YOUR GOAL: Write out, word for word, only the data from its first line to the line containing "sim_status = 0".

··· GIVEN RECORDS ···

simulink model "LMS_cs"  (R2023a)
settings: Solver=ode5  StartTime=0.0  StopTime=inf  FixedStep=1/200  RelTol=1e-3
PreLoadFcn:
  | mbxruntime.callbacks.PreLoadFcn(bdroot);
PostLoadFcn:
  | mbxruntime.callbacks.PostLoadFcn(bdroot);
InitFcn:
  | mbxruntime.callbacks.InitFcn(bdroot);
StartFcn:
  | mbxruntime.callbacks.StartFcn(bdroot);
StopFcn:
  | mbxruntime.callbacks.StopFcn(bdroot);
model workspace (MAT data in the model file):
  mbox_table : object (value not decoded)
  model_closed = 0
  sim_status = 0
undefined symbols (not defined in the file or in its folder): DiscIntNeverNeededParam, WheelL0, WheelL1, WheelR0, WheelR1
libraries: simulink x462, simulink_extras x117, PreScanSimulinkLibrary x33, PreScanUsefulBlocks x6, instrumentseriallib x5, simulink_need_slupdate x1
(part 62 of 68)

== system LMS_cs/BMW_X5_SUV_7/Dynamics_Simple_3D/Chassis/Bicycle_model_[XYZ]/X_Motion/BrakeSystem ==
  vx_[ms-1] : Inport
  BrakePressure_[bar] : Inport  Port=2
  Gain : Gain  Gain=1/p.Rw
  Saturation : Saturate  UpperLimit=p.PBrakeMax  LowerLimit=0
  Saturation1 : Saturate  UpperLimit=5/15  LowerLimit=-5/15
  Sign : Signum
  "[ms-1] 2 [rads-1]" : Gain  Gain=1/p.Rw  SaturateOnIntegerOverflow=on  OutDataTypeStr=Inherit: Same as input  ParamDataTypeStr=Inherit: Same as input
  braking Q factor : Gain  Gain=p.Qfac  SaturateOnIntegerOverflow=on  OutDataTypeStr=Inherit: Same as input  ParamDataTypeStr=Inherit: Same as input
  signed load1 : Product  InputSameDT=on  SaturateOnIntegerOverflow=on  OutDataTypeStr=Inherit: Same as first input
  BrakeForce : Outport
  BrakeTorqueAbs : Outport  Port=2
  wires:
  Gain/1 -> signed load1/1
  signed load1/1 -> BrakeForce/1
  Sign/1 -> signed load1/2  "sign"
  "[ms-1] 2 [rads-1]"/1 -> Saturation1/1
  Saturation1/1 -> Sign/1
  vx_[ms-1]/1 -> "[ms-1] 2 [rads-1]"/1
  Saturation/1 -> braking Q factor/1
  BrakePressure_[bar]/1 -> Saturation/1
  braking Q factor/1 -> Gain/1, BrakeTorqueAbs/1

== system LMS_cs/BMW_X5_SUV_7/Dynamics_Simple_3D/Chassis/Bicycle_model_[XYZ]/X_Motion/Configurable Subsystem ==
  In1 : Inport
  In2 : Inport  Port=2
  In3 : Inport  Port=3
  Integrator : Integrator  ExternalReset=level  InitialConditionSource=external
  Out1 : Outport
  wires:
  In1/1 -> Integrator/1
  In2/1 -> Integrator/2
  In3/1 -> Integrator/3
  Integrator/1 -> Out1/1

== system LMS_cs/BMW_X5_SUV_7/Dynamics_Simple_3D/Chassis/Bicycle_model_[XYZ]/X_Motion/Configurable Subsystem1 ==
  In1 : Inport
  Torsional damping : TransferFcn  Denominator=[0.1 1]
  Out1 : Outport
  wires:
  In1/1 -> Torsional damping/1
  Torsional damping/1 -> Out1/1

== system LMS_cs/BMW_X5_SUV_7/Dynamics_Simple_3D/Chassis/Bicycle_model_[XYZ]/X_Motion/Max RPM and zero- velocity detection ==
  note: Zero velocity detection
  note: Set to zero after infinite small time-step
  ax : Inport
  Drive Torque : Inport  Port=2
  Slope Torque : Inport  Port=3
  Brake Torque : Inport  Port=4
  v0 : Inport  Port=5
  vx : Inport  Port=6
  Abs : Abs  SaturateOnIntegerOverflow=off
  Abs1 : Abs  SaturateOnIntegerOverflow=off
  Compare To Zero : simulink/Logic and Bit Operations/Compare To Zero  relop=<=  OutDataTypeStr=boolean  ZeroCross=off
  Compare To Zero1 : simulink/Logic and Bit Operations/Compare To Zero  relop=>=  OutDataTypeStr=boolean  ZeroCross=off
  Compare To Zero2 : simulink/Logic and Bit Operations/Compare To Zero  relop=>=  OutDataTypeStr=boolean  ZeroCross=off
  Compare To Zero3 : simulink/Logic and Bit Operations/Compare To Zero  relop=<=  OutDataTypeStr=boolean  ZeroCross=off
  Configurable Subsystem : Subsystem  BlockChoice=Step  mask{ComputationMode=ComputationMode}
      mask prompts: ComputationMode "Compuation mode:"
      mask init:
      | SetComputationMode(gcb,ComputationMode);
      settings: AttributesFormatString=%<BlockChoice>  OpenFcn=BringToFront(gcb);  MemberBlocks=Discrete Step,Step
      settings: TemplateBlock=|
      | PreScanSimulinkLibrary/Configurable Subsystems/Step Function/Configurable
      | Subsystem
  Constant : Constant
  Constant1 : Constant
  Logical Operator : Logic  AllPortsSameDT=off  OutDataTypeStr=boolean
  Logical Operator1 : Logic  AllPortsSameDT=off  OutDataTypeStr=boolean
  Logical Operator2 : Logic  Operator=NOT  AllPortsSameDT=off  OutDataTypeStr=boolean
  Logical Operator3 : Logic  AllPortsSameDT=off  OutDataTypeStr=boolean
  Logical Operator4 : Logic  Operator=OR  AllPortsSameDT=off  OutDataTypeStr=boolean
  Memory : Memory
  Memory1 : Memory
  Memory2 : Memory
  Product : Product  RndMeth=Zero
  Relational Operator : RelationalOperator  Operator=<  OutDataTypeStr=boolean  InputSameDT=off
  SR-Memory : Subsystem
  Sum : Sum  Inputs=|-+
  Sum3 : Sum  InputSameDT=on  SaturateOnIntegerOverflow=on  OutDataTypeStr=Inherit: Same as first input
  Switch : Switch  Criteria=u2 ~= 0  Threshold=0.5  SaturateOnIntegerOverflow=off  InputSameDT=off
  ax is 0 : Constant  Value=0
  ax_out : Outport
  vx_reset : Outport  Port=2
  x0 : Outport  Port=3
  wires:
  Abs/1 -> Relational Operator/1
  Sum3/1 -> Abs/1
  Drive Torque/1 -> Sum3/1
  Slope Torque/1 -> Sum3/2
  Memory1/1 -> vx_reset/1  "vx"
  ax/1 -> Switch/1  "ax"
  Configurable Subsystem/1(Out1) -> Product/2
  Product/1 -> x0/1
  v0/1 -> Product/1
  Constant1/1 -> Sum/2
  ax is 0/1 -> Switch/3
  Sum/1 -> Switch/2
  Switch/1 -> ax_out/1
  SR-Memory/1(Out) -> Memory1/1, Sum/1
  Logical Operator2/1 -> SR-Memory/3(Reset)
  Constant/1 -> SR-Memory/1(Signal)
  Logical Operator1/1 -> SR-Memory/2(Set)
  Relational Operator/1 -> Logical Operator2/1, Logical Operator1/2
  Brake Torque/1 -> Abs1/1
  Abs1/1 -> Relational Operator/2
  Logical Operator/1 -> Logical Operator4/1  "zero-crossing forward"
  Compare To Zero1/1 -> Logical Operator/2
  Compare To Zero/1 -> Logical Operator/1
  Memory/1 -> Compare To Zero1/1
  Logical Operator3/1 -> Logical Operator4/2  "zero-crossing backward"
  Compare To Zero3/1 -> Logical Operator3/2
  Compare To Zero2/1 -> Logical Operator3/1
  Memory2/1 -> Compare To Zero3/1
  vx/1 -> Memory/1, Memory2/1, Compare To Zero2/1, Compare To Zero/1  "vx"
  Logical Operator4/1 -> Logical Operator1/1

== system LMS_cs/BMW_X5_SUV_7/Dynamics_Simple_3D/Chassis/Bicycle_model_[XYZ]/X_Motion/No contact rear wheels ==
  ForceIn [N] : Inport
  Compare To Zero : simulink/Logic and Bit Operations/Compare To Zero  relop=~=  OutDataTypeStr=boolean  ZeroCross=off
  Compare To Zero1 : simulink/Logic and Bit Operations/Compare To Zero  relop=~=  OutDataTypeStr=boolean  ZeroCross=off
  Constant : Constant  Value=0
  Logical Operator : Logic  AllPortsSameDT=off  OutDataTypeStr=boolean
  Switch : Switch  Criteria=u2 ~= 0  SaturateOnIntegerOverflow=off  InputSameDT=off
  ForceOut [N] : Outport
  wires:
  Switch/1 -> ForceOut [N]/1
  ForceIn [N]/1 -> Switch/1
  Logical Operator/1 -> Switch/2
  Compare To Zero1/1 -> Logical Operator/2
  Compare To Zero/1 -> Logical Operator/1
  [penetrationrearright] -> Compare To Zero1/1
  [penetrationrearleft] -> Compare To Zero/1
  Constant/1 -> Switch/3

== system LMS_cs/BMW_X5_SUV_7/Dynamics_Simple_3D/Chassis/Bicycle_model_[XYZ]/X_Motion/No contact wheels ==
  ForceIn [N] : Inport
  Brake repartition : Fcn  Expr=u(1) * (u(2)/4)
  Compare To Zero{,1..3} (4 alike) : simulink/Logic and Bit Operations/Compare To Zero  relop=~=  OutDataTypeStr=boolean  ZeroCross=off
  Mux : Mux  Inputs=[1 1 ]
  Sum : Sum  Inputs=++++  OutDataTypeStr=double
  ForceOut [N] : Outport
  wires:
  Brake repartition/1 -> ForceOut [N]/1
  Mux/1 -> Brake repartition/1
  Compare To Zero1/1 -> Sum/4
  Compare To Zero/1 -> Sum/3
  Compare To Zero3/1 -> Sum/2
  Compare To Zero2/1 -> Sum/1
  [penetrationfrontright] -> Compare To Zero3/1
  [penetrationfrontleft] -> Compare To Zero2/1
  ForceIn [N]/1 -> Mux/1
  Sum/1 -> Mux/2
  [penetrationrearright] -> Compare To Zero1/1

···

ANSWER FOR THE TASK:
simulink model "LMS_cs"  (R2023a)
settings: Solver=ode5  StartTime=0.0  StopTime=inf  FixedStep=1/200  RelTol=1e-3
PreLoadFcn:
  | mbxruntime.callbacks.PreLoadFcn(bdroot);
PostLoadFcn:
  | mbxruntime.callbacks.PostLoadFcn(bdroot);
InitFcn:
  | mbxruntime.callbacks.InitFcn(bdroot);
StartFcn:
  | mbxruntime.callbacks.StartFcn(bdroot);
StopFcn:
  | mbxruntime.callbacks.StopFcn(bdroot);
model workspace (MAT data in the model file):
  mbox_table : object (value not decoded)
  model_closed = 0
  sim_status = 0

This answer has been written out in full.